Content starts

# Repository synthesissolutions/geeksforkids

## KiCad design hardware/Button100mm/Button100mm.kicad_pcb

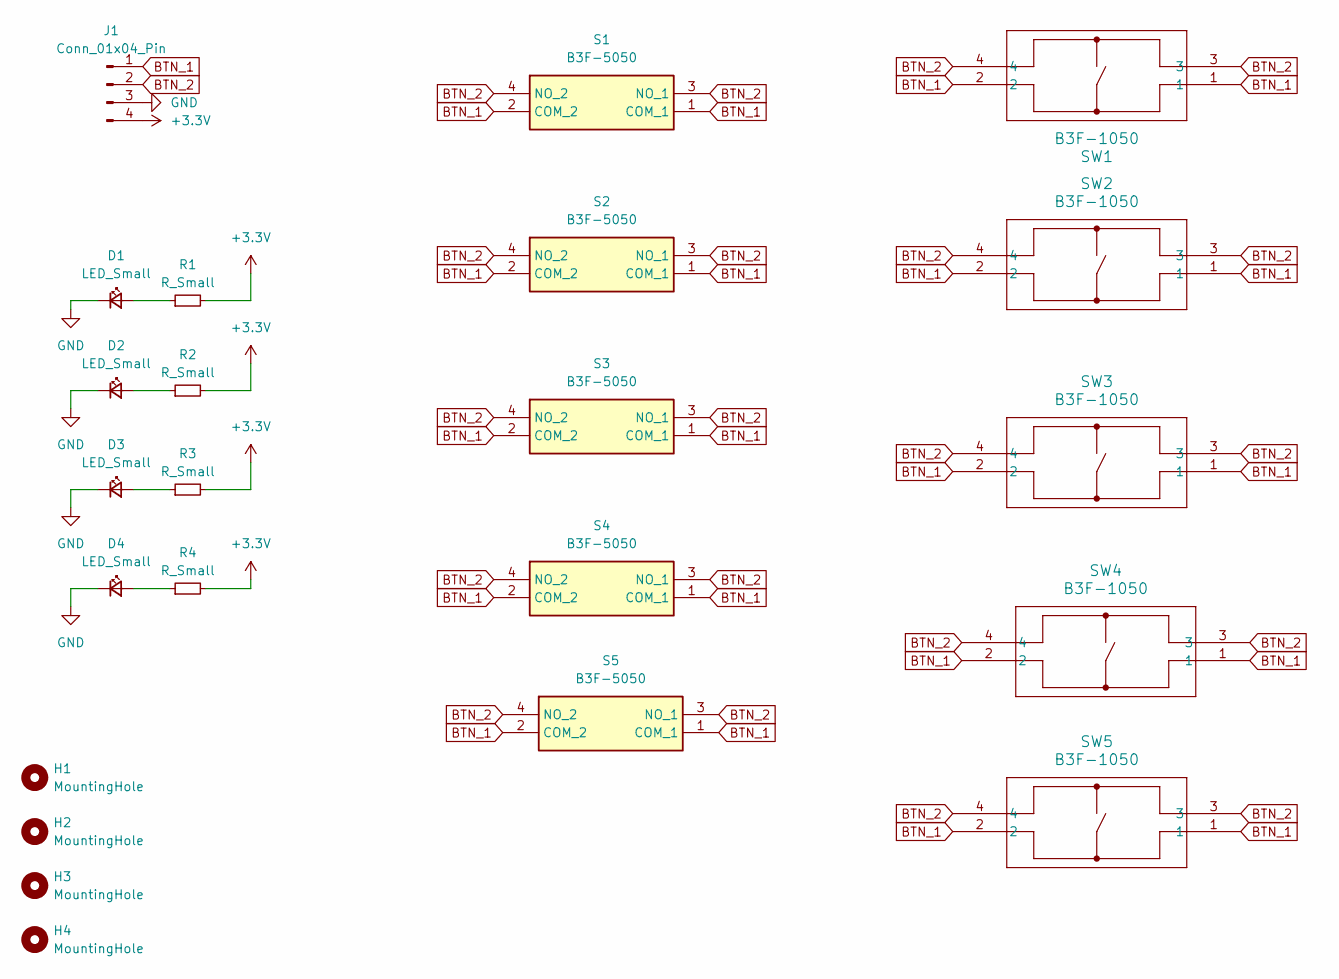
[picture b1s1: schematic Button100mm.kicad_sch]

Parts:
D1, D2, D3, D4: LED_Small; LED_0805_2012Metric
H1, H2, H3, H4: MountingHole; MountingHole_2.7mm_M2.5
J1: Conn_01x04_Pin; JST_XH_B4B-XH-A_1x04_P2.50mm_Vertical
R1, R2, R3, R4: R_Small; R_0805_2012Metric
S1, S2, S3, S4, S5: B3F-5050; B3F-4055; Mouser Part Number 653-B3F-5050
SW1, SW2, SW3, SW4, SW5: B3F-1050; SW_B3F-1050_OMR

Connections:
+3.3V: J1.4, R1.2, R2.2, R3.2, R4.2
BTN_1: J1.1, S1.1 (COM_1), S1.2 (COM_2), S2.1 (COM_1), S2.2 (COM_2), S3.1 (COM_1), S3.2 (COM_2), S4.1 (COM_1), S4.2 (COM_2), S5.1 (COM_1), S5.2 (COM_2), SW1.1, SW1.2, SW2.1, SW2.2, SW3.1, SW3.2, SW4.1, SW4.2, SW5.1, SW5.2
BTN_2: J1.2, S1.3 (NO_1), S1.4 (NO_2), S2.3 (NO_1), S2.4 (NO_2), S3.3 (NO_1), S3.4 (NO_2), S4.3 (NO_1), S4.4 (NO_2), S5.3 (NO_1), S5.4 (NO_2), SW1.3, SW1.4, SW2.3, SW2.4, SW3.3, SW3.4, SW4.3, SW4.4, SW5.3, SW5.4
GND: D1.1 (K), D2.1 (K), D3.1 (K), D4.1 (K), J1.3
unnamed: D1.2 (A), R1.1
unnamed: D2.2 (A), R2.1
unnamed: D3.2 (A), R3.1
unnamed: D4.2 (A), R4.1

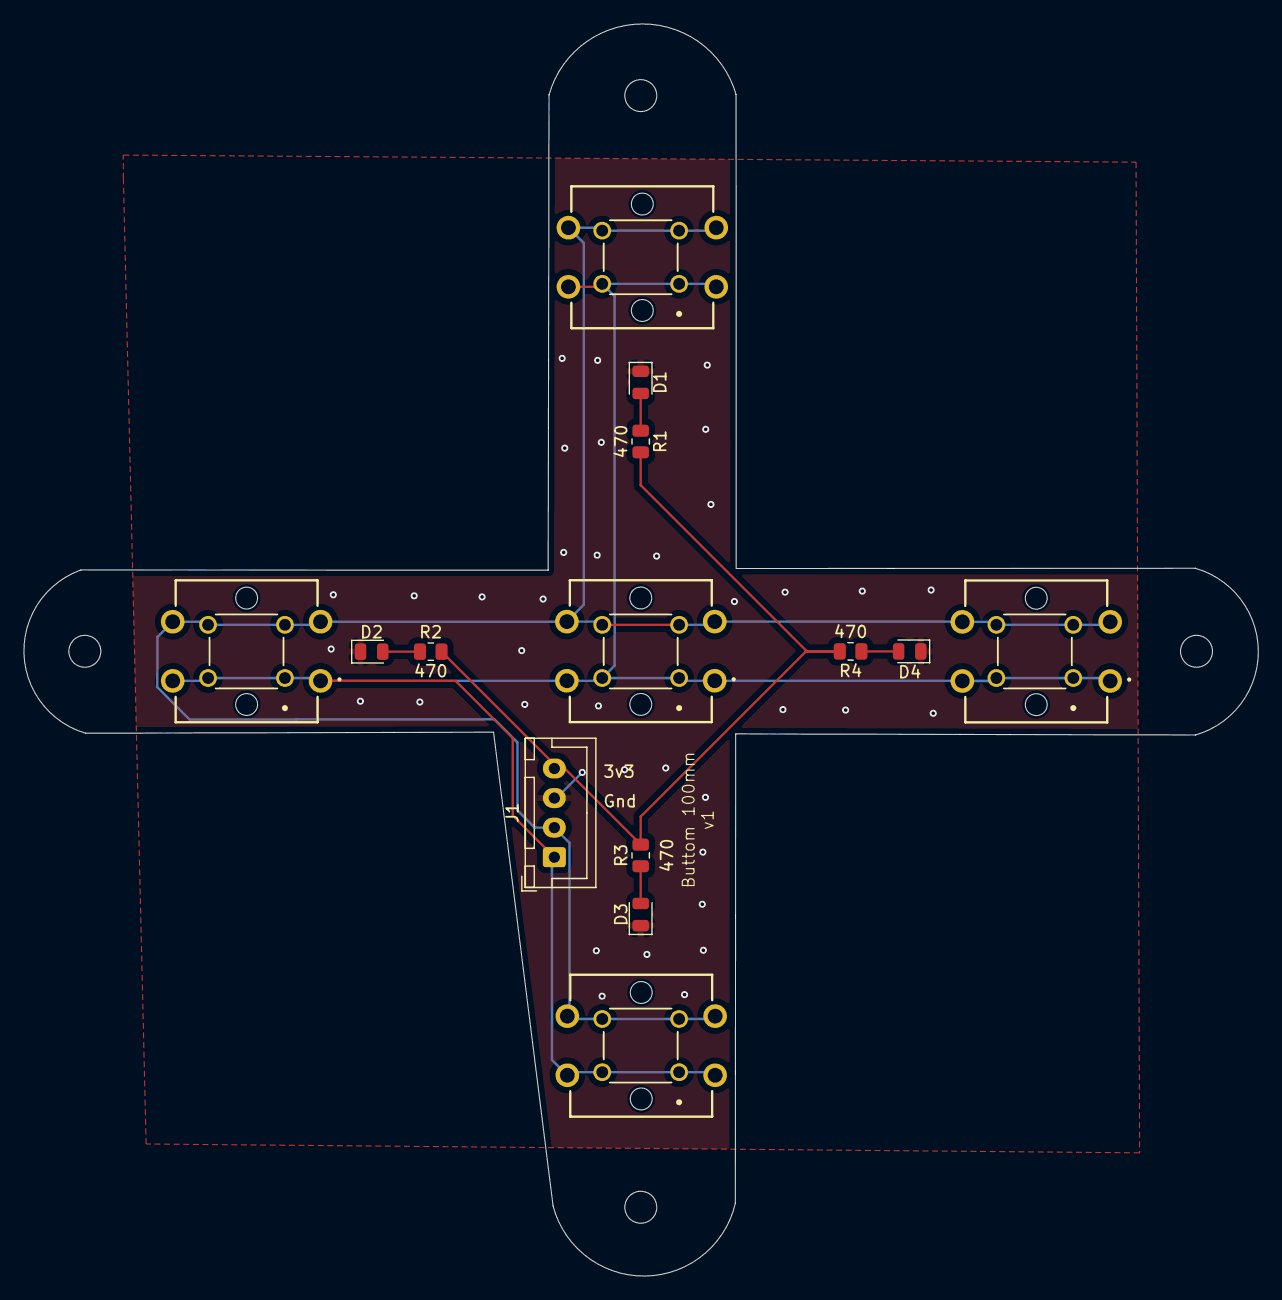
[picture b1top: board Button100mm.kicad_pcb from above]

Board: 2 copper layers, 104.4 x 105.9 mm, 23 parts (0 on the bottom side), 8 nets.

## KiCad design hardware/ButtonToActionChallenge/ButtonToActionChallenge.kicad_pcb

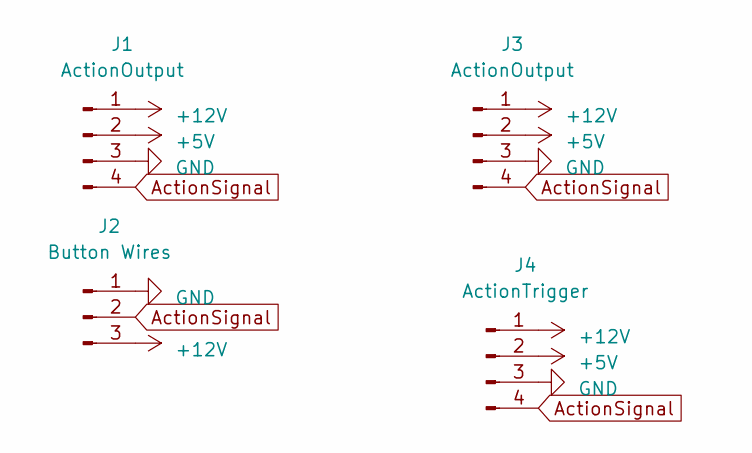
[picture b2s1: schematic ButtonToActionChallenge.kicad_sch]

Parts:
J1: ActionOutput; JST_PH_B4B-PH-K_1x04_P2.00mm_Vertical
J2: Button Wires; JST_XH_B3B-XH-A_1x03_P2.50mm_Vertical
J3: ActionOutput; JST_XH_B4B-XH-A_1x04_P2.50mm_Vertical
J4: ActionTrigger; JST_PH_B4B-PH-K_1x04_P2.00mm_Vertical

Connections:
+5V: J1.2, J3.2, J4.2
+12V: J1.1, J2.3, J3.1, J4.1
ActionSignal: J1.4, J2.2, J3.4, J4.4
GND: J1.3, J2.1, J3.3, J4.3

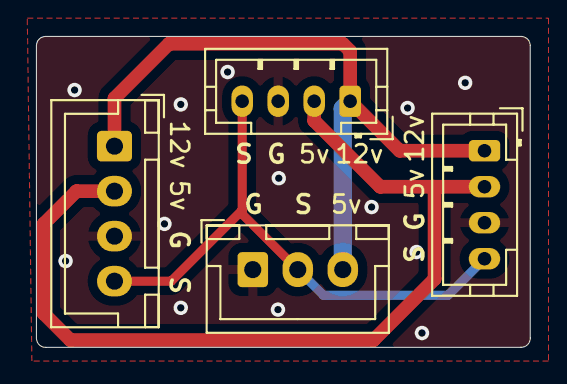
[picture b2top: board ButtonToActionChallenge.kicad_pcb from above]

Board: 2 copper layers, 27.4 x 17.3 mm, 4 parts (0 on the bottom side), 4 nets.

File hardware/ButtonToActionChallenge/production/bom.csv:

Designator,Footprint,Quantity,Value,LCSC Part #
J1,JST_PH_B4B-PH-K_1x04_P2.00mm_Vertical,1,ActionOutput,
J2,JST_XH_B3B-XH-A_1x03_P2.50mm_Vertical,1,Button Wires,
J3,JST_XH_B4B-XH-A_1x04_P2.50mm_Vertical,1,ActionOutput,
J4,JST_PH_B4B-PH-K_1x04_P2.00mm_Vertical,1,ActionTrigger,

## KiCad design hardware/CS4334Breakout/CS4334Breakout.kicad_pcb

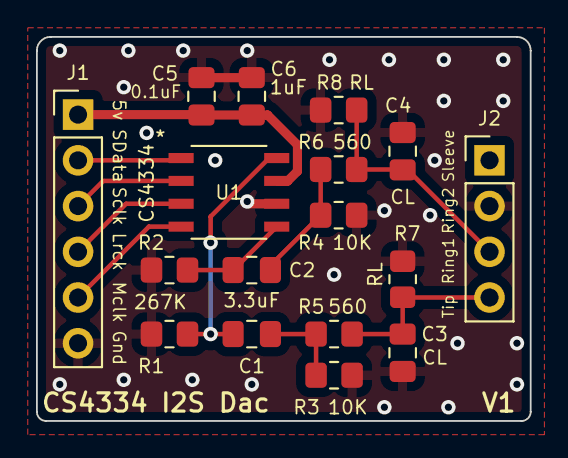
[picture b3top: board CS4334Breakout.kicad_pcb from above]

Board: 2 copper layers, 27.4 x 21.3 mm, 17 parts (0 on the bottom side), 12 nets.

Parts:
C1, C2: 3.3uF; C_0805_2012Metric_Pad1.18x1.45mm_HandSolder
C3, C4: CL; C_0805_2012Metric_Pad1.18x1.45mm_HandSolder
C5: 0.1uF; C_0805_2012Metric_Pad1.18x1.45mm_HandSolder
C6: 1uF; C_0805_2012Metric_Pad1.18x1.45mm_HandSolder
J1: I2S and Power Header; PinHeader_1x06_P2.54mm_Vertical
J2: HeadphoneOutput; PinHeader_1x04_P2.54mm_Vertical
R1, R2: 267K; R_0805_2012Metric_Pad1.20x1.40mm_HandSolder
R3, R4: 10K; R_0805_2012Metric_Pad1.20x1.40mm_HandSolder
R5, R6: 560; R_0805_2012Metric_Pad1.20x1.40mm_HandSolder
R7, R8: RL; R_0805_2012Metric_Pad1.20x1.40mm_HandSolder
U1: CS4334; CS4334-KSZR

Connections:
+5V: C5.1, C6.1, J1.1, U1.7 (VA)
AOUTL: C1.1, R1.1, U1.8 (AOUTL)
AOUTR: C2.1, R2.1, U1.5 (AOUTR)
GND: C3.2, C4.2, C5.2, C6.2, J1.6, J2.2, R1.2, R2.2, R3.2, R4.2, R7.2, R8.2, U1.6 (AGND)
LEFTOUT: C3.1, J2.4, R5.2, R7.1
LRCK: J1.4, U1.3 (LRCK)
MCLK: J1.5, U1.4 (MCLK)
unnamed: C1.2, R3.1, R5.1
unnamed: C2.2, R4.1, R6.1
RIGHTOUT: C4.1, J2.3, R6.2, R8.1
SCLK: J1.3, U1.2 (DEM/SCLK)
SDATA: J1.2, U1.1 (SDATA)

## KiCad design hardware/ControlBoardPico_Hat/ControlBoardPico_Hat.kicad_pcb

Content ends

EXERCISE OBJECTIVE
Show each line of the material that includes the string "from" by copying it.

ANSWER BOX
[picture b1top: board Button100mm.kicad_pcb from above]
[picture b2top: board ButtonToActionChallenge.kicad_pcb from above]
[picture b3top: board CS4334Breakout.kicad_pcb from above]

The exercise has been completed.